# Similarity Network Notebook

In [1]:
import os
os.system('pip install nltk')
os.system('pip install stanza')
os.system('pip install emoji')
os.system('pip install -U sentence-transformers')
os.system('pip install --pre torch torchvision torchaudio -f https://download.pytorch.org/whl/nightly/cu110/torch_nightly.html')


import pandas as pd
import numpy as np
# from sentence_transformers import SentenceTransformer
from sklearn.metrics.pairwise import cosine_similarity
import re
import nltk
from nltk.corpus import stopwords
from nltk.corpus import wordnet
from nltk.tokenize import word_tokenize, sent_tokenize
from nltk.stem.wordnet import WordNetLemmatizer
from nltk.sentiment.vader import SentimentIntensityAnalyzer

import ssl

try:
    _create_unverified_https_context = ssl._create_unverified_context
except AttributeError:
    pass
else:
    ssl._create_default_https_context = _create_unverified_https_context

nltk.download('stopwords')
nltk.download('punkt')
nltk.download('averaged_perceptron_tagger')
nltk.download('vader_lexicon')
nltk.download('words')
words = set(nltk.corpus.words.words())
import stanza
stanza.download("en")

class Tweet():
    def __init__(self, text, text_clean, token, author_id):
        self.token = token
        self.text = text
        self.text_clean = text_clean
        self.author_id = author_id
        
        self.similiar_tweets = []
        self.similiar_authors = []

        self.sentiments = {}
        self.associations = []

class User():
    def __init__(self, author_id):
        self.author_id = author_id
        self.tweet_tokens = []
        self.similiar_authors = []
        self.author_edges = {}

#Removing Emojis
def remove_emojis(data):
    emoj = re.compile("["
                      u"\U0001F600-\U0001F64F"  # emoticons
                      u"\U0001F300-\U0001F5FF"  # symbols & pictographs
                      u"\U0001F680-\U0001F6FF"  # transport & map symbols
                      u"\U0001F1E0-\U0001F1FF"  # flags (iOS)
                      u"\U00002500-\U00002BEF"  # chinese char
                      u"\U00002702-\U000027B0"
                      u"\U00002702-\U000027B0"
                      u"\U000024C2-\U0001F251"
                      u"\U0001f926-\U0001f937"
                      u"\U00010000-\U0010ffff"
                      u"\u2640-\u2642"
                      u"\u2600-\u2B55"
                      u"\u200d"
                      u"\u23cf"
                      u"\u23e9"
                      u"\u231a"
                      u"\ufe0f"  # dingbats
                      u"\u3030"
                      "]+", re.UNICODE)
    return re.sub(emoj, '', str(data))

def cleaner(text):
    tweet = re.sub("@[A-Za-z0-9]+","",str(text)) #Remove @ sign
    tweet = re.sub(r"(?:\@|http?\://|https?\://|www)\S+", "", str(text)) #Remove http links
    tweet = re.sub('[()!?]', ' ', str(text)) #removing punctuation
    tweet = re.sub('\[.*?\]',' ', str(text))
    tweet = " ".join(tweet.split())
    tweet = tweet.replace("#", "").replace("_", " ") #Remove hashtag sign but keep the text
    tweet = " ".join(w for w in nltk.wordpunct_tokenize(str(text))
                     if w.lower() in words or not w.isalpha())
    return text

def calculate_sentiments(text, stop_words, nlp):
    txt = text
    sentList = nltk.sent_tokenize(txt) # Splitting the text into sentences
    fcluster = []
    totalfeatureList = []
    finalcluster = []
    featureList = []
    categories = []
    dic = {}

    for line in sentList:
        # Remove links from line
        line = re.sub(r'http\S+|#', '', line)
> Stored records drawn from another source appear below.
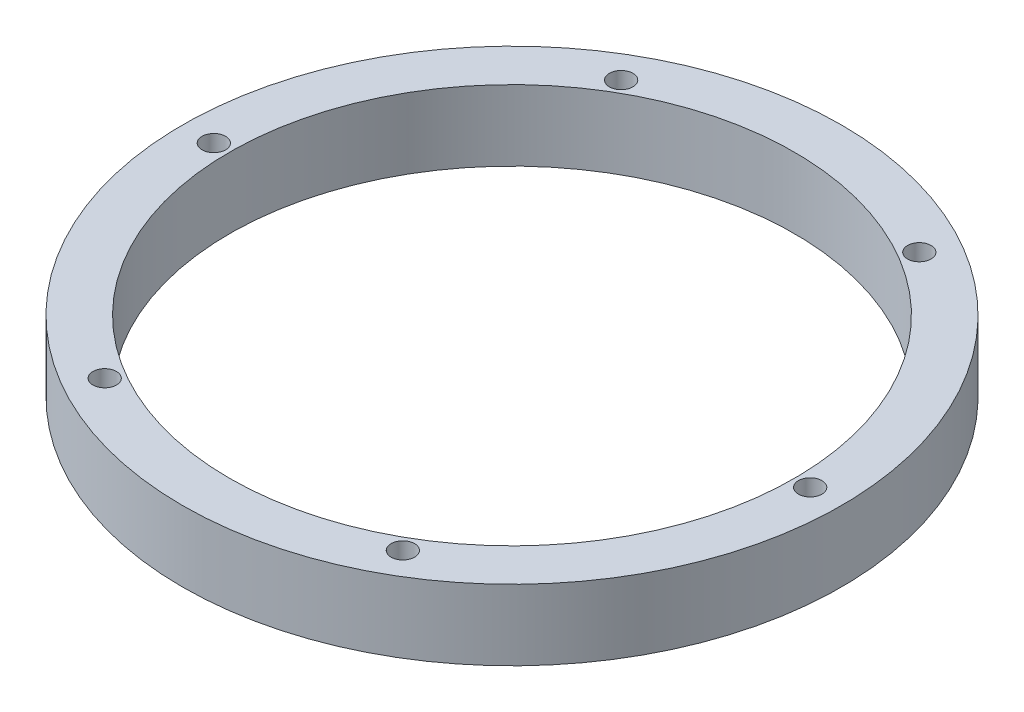
SolidWorks part; units mm, degrees
material "Acrylic (Medium-high impact)"
ref_plane "Front Plane" through (0, 0, 0) normal (0, 0, 1) x (1, 0, 0)
ref_plane "Top Plane" through (0, 0, 0) normal (0, 1, 0) x (1, 0, 0)
ref_plane "Right Plane" through (0, 0, 0) normal (1, 0, 0) x (0, 0, -1)
sketch "Sketch1" plane through (0, 0, 0) normal (0, 1, 0) x (1, 0, 0)
  line L0 (0, 0) -> (88.676, 0) construction
  line L1 (88.676, 0) -> (-95.0922, 0) construction
  line L2 (0, 0) -> (37.1099, -64.2763) construction
  line L3 (37.1099, -64.2763) -> (-35.0592, 60.7243) construction
  line L4 (-44.2878, -76.7087) -> (0, 0) construction
  line L5 (0, 0) -> (36.8411, 63.8106) construction
  circle A0 centre (0, 0) radius 36
  circle A1 centre (0, 0) radius 42
  circle A2 centre (0, 0) radius 38 construction
  circle A3 centre (19, -32.909) radius 1.5
  circle A4 centre (-19, -32.909) radius 1.5
  circle A5 centre (-38, 0) radius 1.5
  circle A6 centre (-19, 32.909) radius 1.5
  circle A7 centre (19, 32.909) radius 1.5
  circle A8 centre (38, 0) radius 1.5
  dimension "D1" = 60
  dimension "D2" = 60
extrude "Boss-Extrude1" add sketch "Sketch1" along normal blind 9
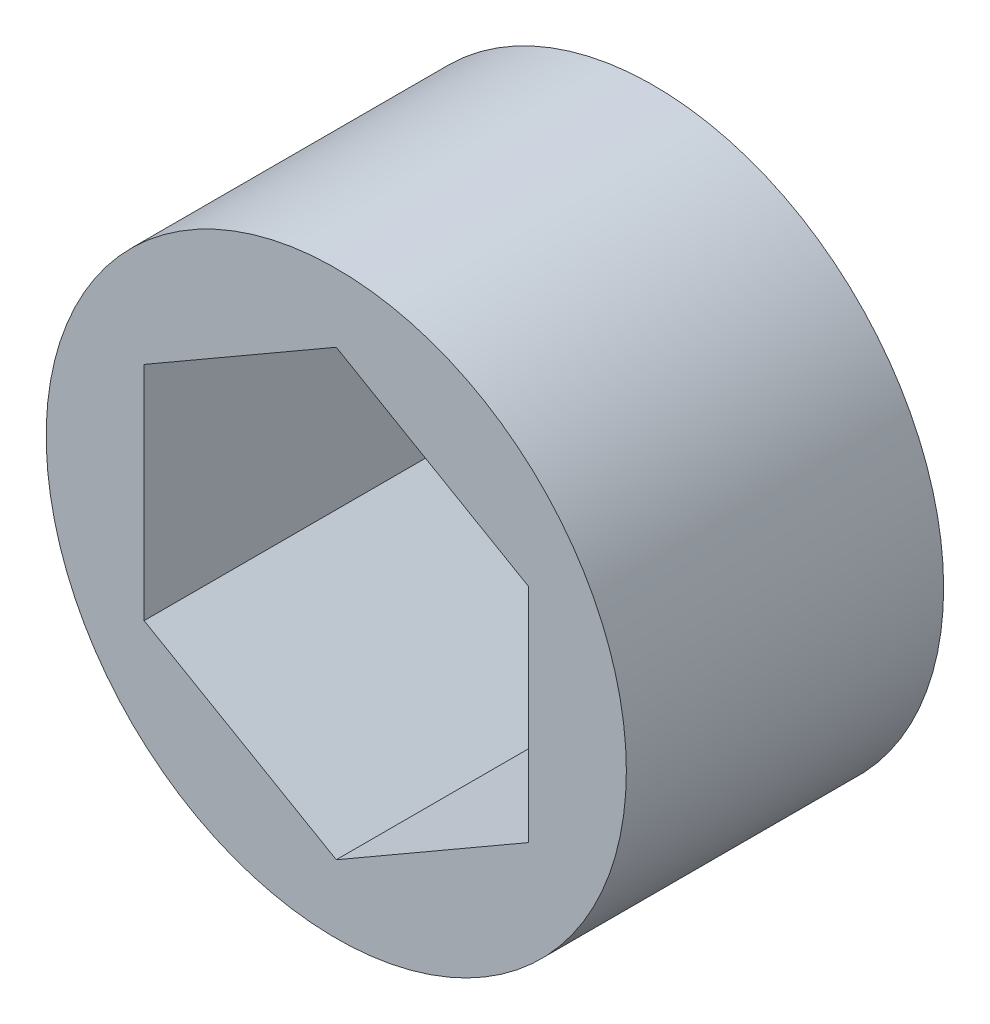
SolidWorks part; units mm, degrees
material "Nylon 101"
ref_plane "Front Plane" through (0, 0, 0) normal (0, 0, 1) x (1, 0, 0)
ref_plane "Top Plane" through (0, 0, 0) normal (0, 1, 0) x (1, 0, 0)
ref_plane "Right Plane" through (0, 0, 0) normal (1, 0, 0) x (0, 0, -1)
sketch "Sketch1" plane through (0, 0, 0) normal (0, 0, 1) x (1, 0, 0)
  line L1 (0, 7.7723) -> (-6.731, 3.8861)
  line L2 (-6.731, 3.8861) -> (-6.731, -3.8861)
  line L3 (-6.731, -3.8861) -> (0, -7.7723)
  line L4 (0, -7.7723) -> (6.731, -3.8861)
  line L5 (6.731, -3.8861) -> (6.731, 3.8861)
  line L6 (6.731, 3.8861) -> (0, 7.7723)
  circle A0 centre (0, 0) radius 10.16
  circle A1 centre (0, 0) radius 6.731 construction
  point P3 (0, 0)
  dimension "D1" = 20.32
  dimension "D2" = 13.462
extrude "Boss-Extrude1" add sketch "Sketch1" along normal mid plane 11.1125

        # Swap '-', ';', '*' with commas
        line = re.sub(':', '.', line)
        line = re.sub('\n|@', '', line)

        # Remove consecutive punctuation recursively
        r = re.compile(r'([.,/#!$%^&*;:{}=_`~()-])[.,/#!$%^&*;:{}=_`~()-]+')
        line = r.sub(r'\1', line)

        # Replace hashtags with association term
        line = re.sub('#', 'hashtag is ', line)

        try:
            newtaggedList = []
            txt_list = nltk.word_tokenize(line) # Splitting up into words
            taggedList = nltk.pos_tag(txt_list) # Doing Part-of-Speech Tagging to each word

            newwordList = []
            flag = 0
            for i in range(0,len(taggedList)-1):
                if(taggedList[i][1]=="NN" and taggedList[i+1][1]=="NN"): # If two consecutive words are Nouns then they are joined together
                    newwordList.append(taggedList[i][0]+taggedList[i+1][0])
                    flag=1
                else:
                    if(flag==1):
                        flag=0
                        continue
                    newwordList.append(taggedList[i][0])
                    if(i==len(taggedList)-2):
                        newwordList.append(taggedList[i+1][0])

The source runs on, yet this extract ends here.